§ **WHAT THE EXERCISE ASKS**
Only the pictures are to be left out; return the rest of the data exactly as it stands.

(Records from a data collection)
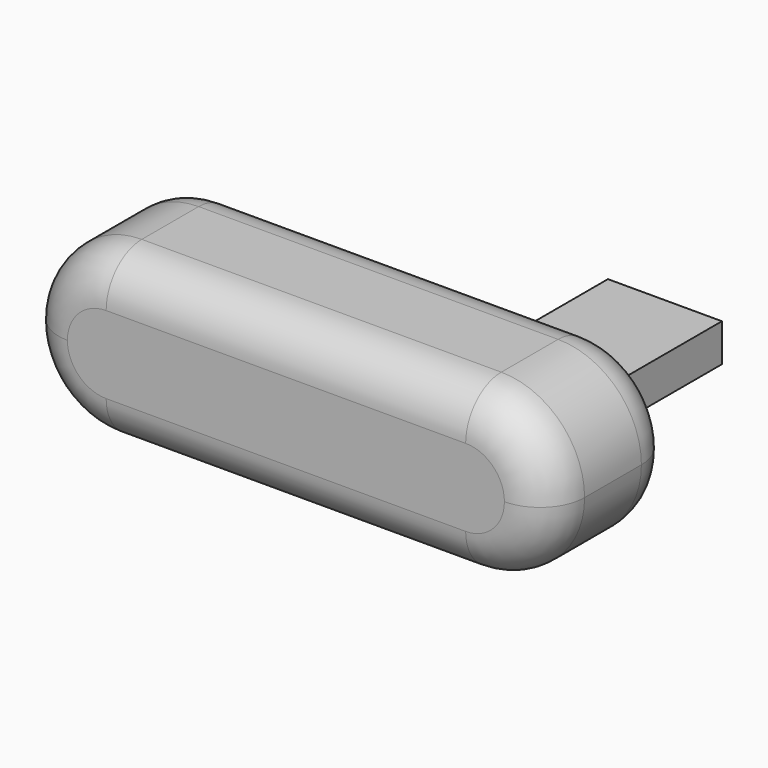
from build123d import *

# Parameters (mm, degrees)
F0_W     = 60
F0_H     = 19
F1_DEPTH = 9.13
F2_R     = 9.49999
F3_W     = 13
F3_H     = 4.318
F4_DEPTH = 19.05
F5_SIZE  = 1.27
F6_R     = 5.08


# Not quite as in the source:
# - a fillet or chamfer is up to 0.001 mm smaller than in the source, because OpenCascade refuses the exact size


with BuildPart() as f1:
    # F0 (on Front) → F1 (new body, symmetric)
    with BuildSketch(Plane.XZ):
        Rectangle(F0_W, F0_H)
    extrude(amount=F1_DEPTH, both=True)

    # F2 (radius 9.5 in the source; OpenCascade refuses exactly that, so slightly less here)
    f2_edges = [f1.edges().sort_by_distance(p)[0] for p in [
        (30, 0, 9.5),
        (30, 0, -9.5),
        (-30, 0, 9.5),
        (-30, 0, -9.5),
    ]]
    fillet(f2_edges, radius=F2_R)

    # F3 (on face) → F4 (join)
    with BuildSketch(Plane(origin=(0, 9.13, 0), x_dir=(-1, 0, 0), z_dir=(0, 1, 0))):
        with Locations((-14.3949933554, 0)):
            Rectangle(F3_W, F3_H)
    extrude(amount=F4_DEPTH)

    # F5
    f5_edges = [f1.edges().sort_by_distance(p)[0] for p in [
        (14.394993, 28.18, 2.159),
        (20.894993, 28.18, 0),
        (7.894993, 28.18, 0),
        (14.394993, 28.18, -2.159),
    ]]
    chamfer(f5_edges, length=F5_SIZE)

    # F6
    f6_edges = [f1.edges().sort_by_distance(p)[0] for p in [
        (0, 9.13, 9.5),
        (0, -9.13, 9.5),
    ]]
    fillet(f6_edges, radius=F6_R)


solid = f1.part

§ **RESULT OF THE TASK**
from build123d import *

# Parameters (mm, degrees)
F0_W     = 60
F0_H     = 19
F1_DEPTH = 9.13
F2_R     = 9.49999
F3_W     = 13
F3_H     = 4.318
F4_DEPTH = 19.05
F5_SIZE  = 1.27
F6_R     = 5.08


# Not quite as in the source:
# - a fillet or chamfer is up to 0.001 mm smaller than in the source, because OpenCascade refuses the exact size


with BuildPart() as f1:
    # F0 (on Front) → F1 (new body, symmetric)
    with BuildSketch(Plane.XZ):
        Rectangle(F0_W, F0_H)
    extrude(amount=F1_DEPTH, both=True)

    # F2 (radius 9.5 in the source; OpenCascade refuses exactly that, so slightly less here)
    f2_edges = [f1.edges().sort_by_distance(p)[0] for p in [
        (30, 0, 9.5),
        (30, 0, -9.5),
        (-30, 0, 9.5),
        (-30, 0, -9.5),
    ]]
    fillet(f2_edges, radius=F2_R)

    # F3 (on face) → F4 (join)
    with BuildSketch(Plane(origin=(0, 9.13, 0), x_dir=(-1, 0, 0), z_dir=(0, 1, 0))):
        with Locations((-14.3949933554, 0)):
            Rectangle(F3_W, F3_H)
    extrude(amount=F4_DEPTH)

    # F5
    f5_edges = [f1.edges().sort_by_distance(p)[0] for p in [
        (14.394993, 28.18, 2.159),
        (20.894993, 28.18, 0),
        (7.894993, 28.18, 0),
        (14.394993, 28.18, -2.159),
    ]]
    chamfer(f5_edges, length=F5_SIZE)

    # F6
    f6_edges = [f1.edges().sort_by_distance(p)[0] for p in [
        (0, 9.13, 9.5),
        (0, -9.13, 9.5),
    ]]
    fillet(f6_edges, radius=F6_R)


solid = f1.part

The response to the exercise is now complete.